In Malaysia, ribavirin treatment was shown to reduce mortality rates (Chong et al. 2001). The interferon inducer poly(I)-poly(C₁₂U) prevented mortality in 5 of 6 animals in a hamster model of NiV infection, while a 5-ethynyl analogue of ribavirin and several other OMP-decarboxylase inhibitors were shown to have anti-NiV activity in vitro (Georges-Courbot et al. 2006). Recent developments for NiV antivirals focus on inhibitors of fusion and receptor-binding. Peptides corresponding to the C-terminal heptad repeat of the F protein from HeV, NiV, and human parainfluenzavirus 3C have been shown to inhibit HeV and NiV infection in vitro (Bossart et al. 2005b; Porotto et al. 2006, 2007). Soluble versions of the G glycoprotein and Ephrin B2 have been shown to inhibit NiV envelope-mediated infection, and could be used as therapeutics (Bonaparte et al. 2005; Bossart et al. 2005a; Negrete et al. 2005).

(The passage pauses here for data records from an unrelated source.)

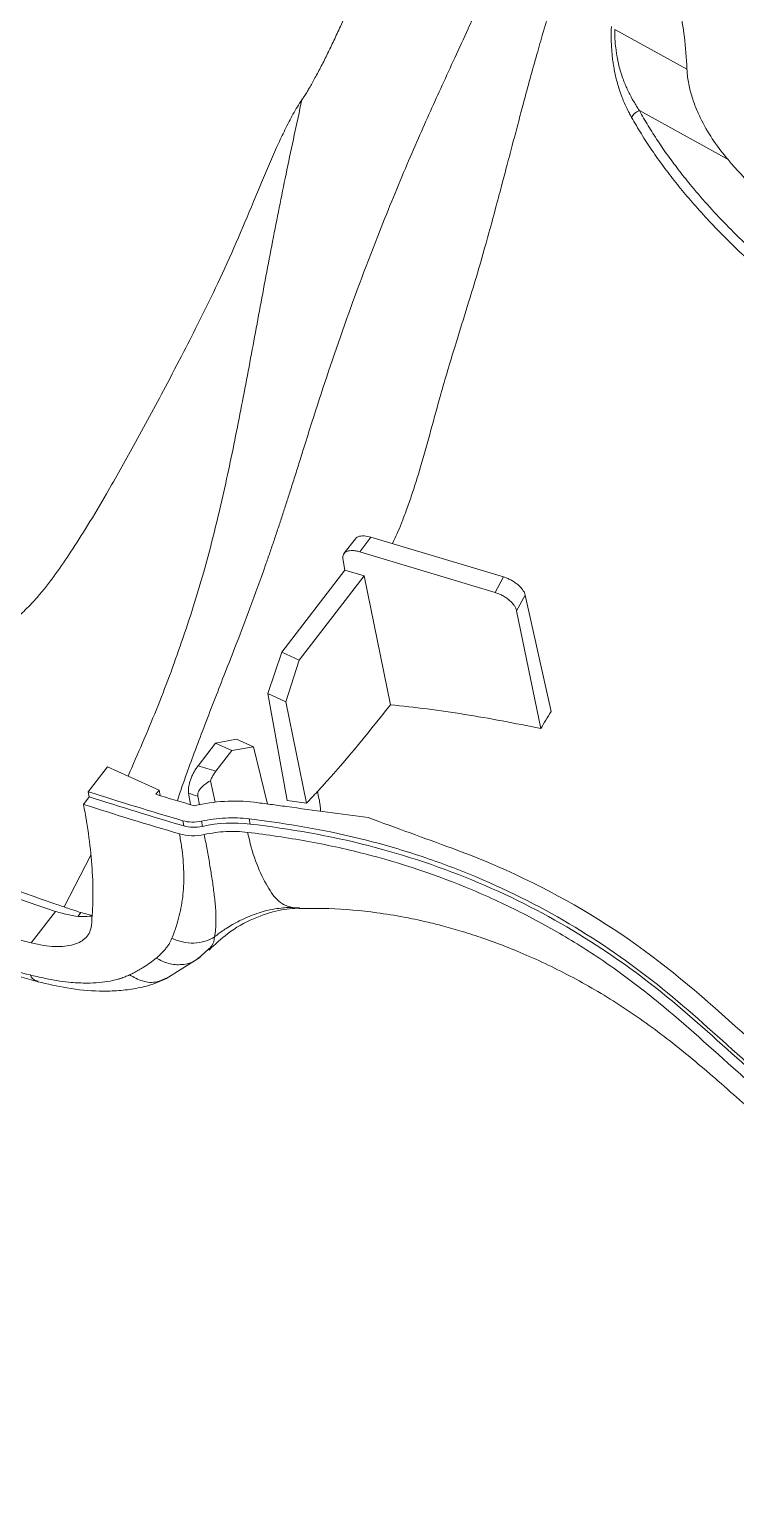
# Model space of a CAD drawing. Header units: inches. Extents: x 1424 to 4050, y 1126 to 1517.
# Drawn here: x 2134.36 to 2154.54, y 1222.05 to 1264.07 of the extents above; entities that cross this region are included whole.
import ezdxf

# ---------------------------------------------------------------- set-up
doc = ezdxf.new("R2010")
doc.units = ezdxf.units.IN
doc.header["$LTSCALE"] = 15

msp = doc.modelspace()

# ---------------------------------------------------------------- linework, layer by layer
at = {"color": 7, "linetype": 'Continuous', "lineweight": 15}
for p, q in [((2153.151, 1262.933), (2151.093, 1264.071)), ((2154.327, 1260.351), (2151.791, 1261.754)), ((2143.677, 1249.525), (2143.348, 1249.098)), ((2143.801, 1249.151), (2144.123, 1249.568)), ((2144.123, 1249.568), (2147.912, 1248.431)), ((2143.32, 1248.956), (2143.379, 1248.627)), ((2147.669, 1247.99), (2143.801, 1249.151)), ((2141.573, 1246.285), (2143.379, 1248.627)), ((2143.928, 1248.462), (2142.074, 1246.057)), ((2143.379, 1248.627), (2143.928, 1248.462)), ((2144.677, 1244.783), (2143.928, 1248.462)), ((2147.912, 1248.431), (2147.669, 1247.99)), ((2148.282, 1247.467), (2148.529, 1247.915)), ((2148.529, 1247.915), (2149.267, 1244.59)), ((2148.973, 1244.099), (2148.282, 1247.467)), ((2141.178, 1245.103), (2141.573, 1246.285)), ((2141.573, 1246.285), (2142.074, 1246.057)), ((2142.074, 1246.057), (2141.691, 1244.869)), ((2141.691, 1244.869), (2141.178, 1245.103)), ((2141.728, 1242.046), (2141.178, 1245.103)), ((2141.691, 1244.869), (2142.277, 1241.967)), ((2139.181, 1243.038), (2139.679, 1243.684)), ((2139.679, 1243.684), (2140.277, 1243.802)), ((2139.679, 1243.684), (2140.144, 1243.472)), ((2140.144, 1243.472), (2139.693, 1242.887)), ((2140.768, 1243.577), (2140.144, 1243.472)), ((2140.277, 1243.802), (2140.768, 1243.577)), ((2141.166, 1241.945), (2140.768, 1243.577)), ((2136.597, 1243.013), (2136.046, 1242.299)), ((2138.067, 1242.342), (2136.597, 1243.013)), ((2139.534, 1242.613), (2139.673, 1241.997)), ((2135.906, 1241.937), (2136.072, 1242.152)), ((2136.072, 1242.152), (2136.046, 1242.299)), ((2138.067, 1242.342), (2137.975, 1242.224)), ((2138.067, 1242.342), (2138.102, 1242.186)), ((2138.964, 1241.93), (2138.91, 1242.253)), ((2139.174, 1242.174), (2139.225, 1241.923)), ((2138.748, 1241.469), (2138.773, 1241.323)), ((2139.304, 1241.308), (2139.276, 1241.455)), ((2140.643, 1241.522), (2140.669, 1241.375)), ((2134.412, 1237.98), (2135.106, 1238.88)), ((2135.833, 1238.846), (2136.15, 1238.765)), ((2138.264, 1236.951), (2139.236, 1237.564)), ((2139.175, 1237.537), (2139.221, 1237.572)), ((2139.177, 1237.52), (2139.478, 1237.799))]:
    msp.add_line(p, q, dxfattribs=at)
at = {"color": 8, "linetype": 'Continuous', "lineweight": 15}
for p, q in [((2136.114, 1240.489), (2135.358, 1239.005)), ((2135.754, 1238.744), (2135.833, 1238.846)), ((2142.07, 1238.98), (2141.883, 1238.993))]:
    msp.add_line(p, q, dxfattribs=at)
at = {"color": 7, "linetype": 'Continuous', "lineweight": 15}
for centre, radius, start, end in [((2168.033, 1341.343), 103.577, 253.13007, 253.7661), ((2167.782, 1340.835), 103.908, 252.13547, 253.71776)]:
    msp.add_arc(centre, radius, start, end, dxfattribs=at)
for points, knots in [([(2142.148, 1262.059), (2142.17, 1262.092), (2142.218, 1262.163), (2142.288, 1262.276), (2142.363, 1262.401), (2142.442, 1262.538), (2142.557, 1262.746), (2142.707, 1263.027), (2142.886, 1263.384), (2143.067, 1263.762), (2143.271, 1264.202), (2143.574, 1264.891), (2143.915, 1265.739), (2144.177, 1266.538), (2144.298, 1267.074), (2144.338, 1267.419), (2144.329, 1267.726), (2144.267, 1267.983), (2144.16, 1268.201), (2144.052, 1268.358), (2143.959, 1268.473), (2143.899, 1268.541), (2143.846, 1268.592), (2143.799, 1268.632), (2143.765, 1268.651), (2143.75, 1268.661)], [0, 0, 0, 0, 0.016045, 0.033811, 0.053305, 0.074536, 0.097507, 0.149048, 0.20324, 0.258836, 0.318821, 0.399996, 0.564395, 0.690359, 0.745475, 0.794259, 0.838432, 0.878821, 0.910882, 0.94584, 0.96179, 0.974587, 0.984307, 0.992754, 1, 1, 1, 1]), ([(2153.151, 1262.933), (2153.14, 1263.26), (2153.113, 1263.567), (2153.041, 1264.136), (2152.996, 1264.398), (2152.95, 1264.632)], [0, 0, 0, 0, 0.5, 0.5, 1, 1, 1, 1]), ([(2150.993, 1264.153), (2150.992, 1264.131), (2150.989, 1264.088), (2150.987, 1264.02), (2150.986, 1263.953), (2150.986, 1263.887), (2150.986, 1263.822), (2150.987, 1263.759), (2150.989, 1263.698), (2150.992, 1263.639), (2150.997, 1263.549), (2151.006, 1263.421), (2151.022, 1263.256), (2151.045, 1263.087), (2151.074, 1262.916), (2151.11, 1262.745), (2151.17, 1262.506), (2151.244, 1262.271), (2151.332, 1262.044), (2151.404, 1261.878), (2151.472, 1261.738), (2151.528, 1261.633), (2151.557, 1261.58), (2151.568, 1261.56)], [0, 0, 0, 0, 0.026592, 0.052272, 0.077057, 0.100948, 0.123943, 0.14603, 0.1672, 0.187464, 0.206833, 0.260133, 0.3176, 0.376331, 0.434877, 0.498941, 0.563048, 0.705479, 0.778301, 0.850739, 0.923755, 0.970846, 1, 1, 1, 1]), ([(2151.791, 1261.754), (2151.763, 1261.796), (2151.707, 1261.88), (2151.628, 1262.012), (2151.552, 1262.148), (2151.48, 1262.288), (2151.413, 1262.434), (2151.324, 1262.648), (2151.226, 1262.94), (2151.158, 1263.252), (2151.119, 1263.514), (2151.1, 1263.696), (2151.091, 1263.863), (2151.09, 1263.98), (2151.092, 1264.044), (2151.093, 1264.071)], [0, 0, 0, 0, 0.068919, 0.137673, 0.206254, 0.27463, 0.342747, 0.410601, 0.56282, 0.712331, 0.77141, 0.858089, 0.91685, 0.964093, 1, 1, 1, 1]), ([(2154.327, 1260.351), (2154.185, 1260.518), (2154.05, 1260.692), (2153.796, 1261.063), (2153.677, 1261.26), (2153.514, 1261.584), (2153.462, 1261.696), (2153.368, 1261.93), (2153.324, 1262.052), (2153.268, 1262.239), (2153.251, 1262.302), (2153.22, 1262.43), (2153.206, 1262.495), (2153.182, 1262.625), (2153.172, 1262.688), (2153.157, 1262.814), (2153.153, 1262.876), (2153.151, 1262.933)], [0, 0, 0, 0, 0.25, 0.25, 0.5, 0.5, 0.625, 0.625, 0.75, 0.75, 0.8125, 0.8125, 0.875, 0.875, 0.9375, 0.9375, 1, 1, 1, 1]), ([(2125.07, 1248.881), (2125.229, 1248.811), (2125.499, 1248.692), (2125.832, 1248.55), (2126.175, 1248.404), (2126.549, 1248.25), (2127.14, 1248.013), (2127.845, 1247.747), (2128.678, 1247.458), (2129.458, 1247.211), (2130.195, 1247.002), (2130.862, 1246.841), (2131.412, 1246.741), (2131.816, 1246.694), (2132.114, 1246.675), (2132.398, 1246.677), (2132.676, 1246.701), (2132.944, 1246.748), (2133.279, 1246.843), (2133.591, 1246.985), (2133.864, 1247.167), (2134.062, 1247.321), (2134.248, 1247.491), (2134.446, 1247.689), (2134.656, 1247.927), (2134.887, 1248.214), (2135.19, 1248.62), (2135.575, 1249.185), (2136.055, 1249.943), (2136.657, 1250.952), (2137.399, 1252.27), (2138.129, 1253.628), (2138.753, 1254.824), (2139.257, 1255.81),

No passive immunoprophylaxis, antiviral chemoprohylaxis, or vaccine is currently available for henipavirus infections. The principal means of preventing human infections are early recognition of disease and use of standards protective precautions to avoid exposure. Since interruption of transmission to horses or pigs from the natural reservoir of these viruses, presumably fruit bats, is difficult to prevent, early identification of infected animals and use of appropriate personal protective measures to prevent transmission are keys to reducing the risk to humans.

The G glycoprotein of NiV shared with 83.3% homology with the G protein of HeV virus, whereas the F proteins of the two viruses have 88.1% homology (Harcourt et al. 2000; Wang et al. 2001). Recombinant expressed, soluble versions of the G glycoprotein (sG) from NiV (Bossart et al. 2005a) were used to vaccinate cats and produced high antibody titres along with complete protection from NiV challenge (McEachern et al. 2008; Mungall et al. 2006b). Purified sG retains a number of important native structural, functional and antigenic features, making it potentially suitable as a vaccine candidate, although consistent large scale expression has been problematic. Expression of NiV F, G and M proteins leads to production VLPs (Ciancanelli and Basler 2006; Patch et al. 2007). Since VLPs have been able to generate a protective immune response against Ebola and Marburg viruses (Swenson et al. 2005) they might serve as a more efficient method of immunization against NiV. DNA vaccination with plasmids containing either NiV G or F genes stimulated considerable IgG responses in mice (Wang et al. 2006), while canarypox virus-based vaccine vectors expressing NiV G or F (or both) protected pigs against challenge and prevented viral shedding (Weingartl et al. 2006). Vaccination with these canarypox virus-based vaccines appeared to stimulate both type 1 and type 2 cytokine responses, suggesting this approach may be highly effective for the prevention of livestock infection.